Claude Hermant, soupçonné d’être au coeur d’un trafic d’armes dont six ont servi à Amedy Coulibaly dans l’attentat de l’Hyper Cacher et le meurtre d’une policière à Montrouge en 2015, a tenté de convaincre qu’il était un «indic», lundi au premier jour de son procès devant le tribunal correctionnel de Lille.
Crâne rasé, carrure solide et vêtu de noir, Claude Hermant a répondu souvent approximativement, lundi, aux questions du président du tribunal Marc Trevidic concernant des messages ou des courriels envoyés aux «services». «Je ne sais pas…», «je ne suis pas directeur d’enquête», a-t-il souvent répondu aux questions du président.

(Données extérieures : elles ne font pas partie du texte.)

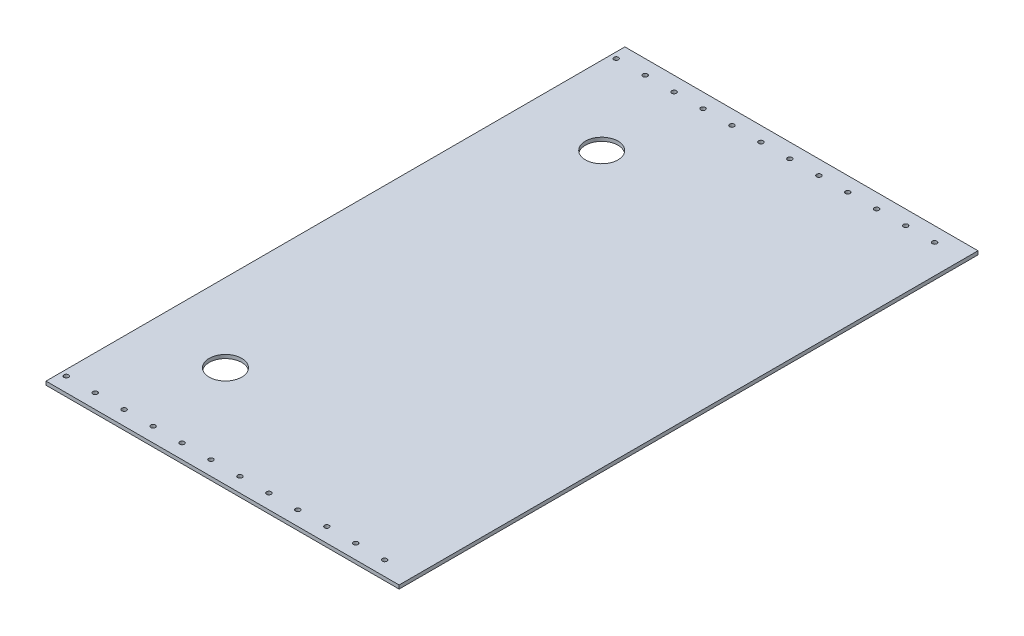
from build123d import *

# Parameters (mm, degrees)
SKETCH1_W               = 571.5
SKETCH1_H               = 508
BOSS_EXTRUDE1_DEPTH     = 3.175
SKETCH2_R               = 14.2875
CUT_EXTRUDE1_DEPTH      = 3.175
SKETCH4_R               = 2.0193
CUT_EXTRUDE3_DEPTH      = 1
CUT_EXTRUDE3_DEPTH_BACK = 4.175
SKETCH5_W               = 619.579537293
SKETCH5_H               = 89.035098343
CUT_EXTRUDE4_DEPTH      = 165.1
SKETCH6_W               = 508
SKETCH6_H               = 3.175
CUT_EXTRUDE5_DEPTH      = 96.52


with BuildPart() as part:
    # Sketch1 → Boss-Extrude1 (new body)
    with BuildSketch(Plane(origin=(0, 0, 0), x_dir=(1, 0, 0), z_dir=(0, 1, 0))):
        with Locations((285.75, 254)):
            Rectangle(SKETCH1_W, SKETCH1_H)
    extrude(amount=BOSS_EXTRUDE1_DEPTH)

    # Sketch2 → Cut-Extrude1 (cut)
    with BuildSketch(Plane(origin=(0, 3.175, 0), x_dir=(1, 0, 0), z_dir=(0, 1, 0))):
        with Locations((330.2, 419.1)):
            Circle(SKETCH2_R)
        with Locations((330.2, 88.9)):
            Circle(SKETCH2_R)
    extrude(amount=-CUT_EXTRUDE1_DEPTH, mode=Mode.SUBTRACT)

    # Sketch4 → Cut-Extrude3 (cut, two sides)
    with BuildSketch(Plane(origin=(0, 3.175, 0), x_dir=(1, 0, 0), z_dir=(0, 1, 0))) as cut_extrude3_sk:
        with Locations((546.1, 495.3)):
            Circle(SKETCH4_R)
        with Locations((520.7, 495.3)):
            Circle(SKETCH4_R)
        with Locations((495.3, 495.3)):
            Circle(SKETCH4_R)
        with Locations((469.9, 495.3)):
            Circle(SKETCH4_R)
        with Locations((444.5, 495.3)):
            Circle(SKETCH4_R)
        with Locations((419.1, 495.3)):
            Circle(SKETCH4_R)
        with Locations((393.7, 495.3)):
            Circle(SKETCH4_R)
        with Locations((368.3, 495.3)):
            Circle(SKETCH4_R)
        with Locations((342.9, 495.3)):
            Circle(SKETCH4_R)
        with Locations((317.5, 495.3)):
            Circle(SKETCH4_R)
        with Locations((292.1, 495.3)):
            Circle(SKETCH4_R)
        with Locations((266.7, 495.3)):
            Circle(SKETCH4_R)
        with Locations((228.6, 495.3)):
            Circle(SKETCH4_R)
        with Locations((203.2, 495.3)):
            Circle(SKETCH4_R)
        with Locations((203.2, 12.7)):
            Circle(SKETCH4_R)
        with Locations((228.6, 12.7)):
            Circle(SKETCH4_R)
        with Locations((266.7, 12.7)):
            Circle(SKETCH4_R)
        with Locations((292.1, 12.7)):
            Circle(SKETCH4_R)
        with Locations((317.5, 12.7)):
            Circle(SKETCH4_R)
        with Locations((342.9, 12.7)):
            Circle(SKETCH4_R)
        with Locations((368.3, 12.7)):
            Circle(SKETCH4_R)
        with Locations((393.7, 12.7)):
            Circle(SKETCH4_R)
        with Locations((419.1, 12.7)):
            Circle(SKETCH4_R)
        with Locations((444.5, 12.7)):
            Circle(SKETCH4_R)
        with Locations((469.9, 12.7)):
            Circle(SKETCH4_R)
        with Locations((495.3, 12.7)):
            Circle(SKETCH4_R)
        with Locations((520.7, 12.7)):
            Circle(SKETCH4_R)
        with Locations((546.1, 12.7)):
            Circle(SKETCH4_R)
    extrude(amount=CUT_EXTRUDE3_DEPTH, mode=Mode.SUBTRACT)
    extrude(cut_extrude3_sk.sketch, amount=-CUT_EXTRUDE3_DEPTH_BACK, mode=Mode.SUBTRACT)

    # Sketch5 → Cut-Extrude4 (cut)
    with BuildSketch(Plane.ZY):
        with Locations((-257.641209254, 26.710529503)):
            Rectangle(SKETCH5_W, SKETCH5_H)
    extrude(amount=-CUT_EXTRUDE4_DEPTH, mode=Mode.SUBTRACT)

    # Sketch6 → Cut-Extrude5 (cut)
    with BuildSketch(Plane.ZY.offset(-165.1)):
        with Locations((-254, 1.5875)):
            Rectangle(SKETCH6_W, SKETCH6_H)
    extrude(amount=-CUT_EXTRUDE5_DEPTH, mode=Mode.SUBTRACT)


solid = part.part

«Mais qui sont ces clients?» acheteurs des armes, s’est emporté le procureur Jean-Philippe Navarre. Hermant refuse de répondre précisément. Un peu plus tard, il répond sèchement au parquet: «Qu’on me condamne parce que les situations étaient borderline je comprends, mais pas au-delà. Je ne suis pas un voyou», dit-il, ajoutant que les attentats de 2015 «ont pollué cette enquête».
Hermant, 54 ans, figure de l’extrême droite lilloise et en détention provisoire depuis janvier 2015, aurait acheté par l’intermédiaire de la société de son épouse un demi-millier d’armes importées notamment de Slovaquie. Selon sa défense, c’est pour des missions d’infiltration, lui qui se dit «indic» des gendarmes et des douaniers, qu’Hermant a écoulé ses armes, qu’il stockait parfois dans la chambre froide de sa friterie dans le «quartier de la soif» de Lille, proche du centre-ville.
Claude Hermant est «quelqu’un qui travaillait pour la DNRED (direction nationale des enquêtes douanières, NDLR), ensuite pour la gendarmerie. Dans le cadre de ces activités, il a été amené à faire des infiltrations, en matière de stupéfiants ou d’armes. Et il ne connaissait pas Coulibaly», a affirmé lundison avocat, Me Maxime Moulin. Deux jours après l’attentat contre Charlie Hebdo perpétré par les frères Kouachi, Amedy Coulibaly avait assassiné quatre personnes dans le magasin Hyper Cacher de la porte de Vincennes à Paris, avant d’être tué dans l’assaut des forces de l’ordre. La veille, il avait tué une policière municipale à Montrouge (Hauts-de-Seine).
«Je suis un sanguin…»
Plusieurs fois, lundi, Claude Hermant, resté près de quatre heures à la barre sans interruption de séance, a laissé éclater sa colère face aux questions d’avocats de ses neuf co-prévenus. «Là j’en peux plus! vous savez que je suis un sanguin, et il faut que ça s’arrête», s’écrie cet ancien champion de boxe thaï.
Le méticuleux et flegmatique Marc Trevidic s’étonne du peu de contacts de Hermant avec ses supposés agents traitants. «vous ne dites jamais rien à personne !», dit le juge, soulignant que Claude Hermant faisait «énormément de commandes pour fournir la même personne», à savoir Samir Ladjali, un des intermédiaires présumés de Coulibaly et mis en examen dans le volet parisien.
Les dix prévenus, dont trois sont en détention provisoire, encourent dix ans d’emprisonnement pour trafic d’armes en bande organisée. Dans la matinée, le de lundi tribunal s’est intéressé à des questions de procédure, certains avocats des prévenus demandant le retrait des pièces du dossier venant du volet parisien du dossier du circuit des armes de Coulibaly. Il a décidé un huis clos partiel mercredi (presse acceptée mais pas le public) pour l’audition prévue de trois gendarmes. Le procès doit durer jusqu’à vendredi.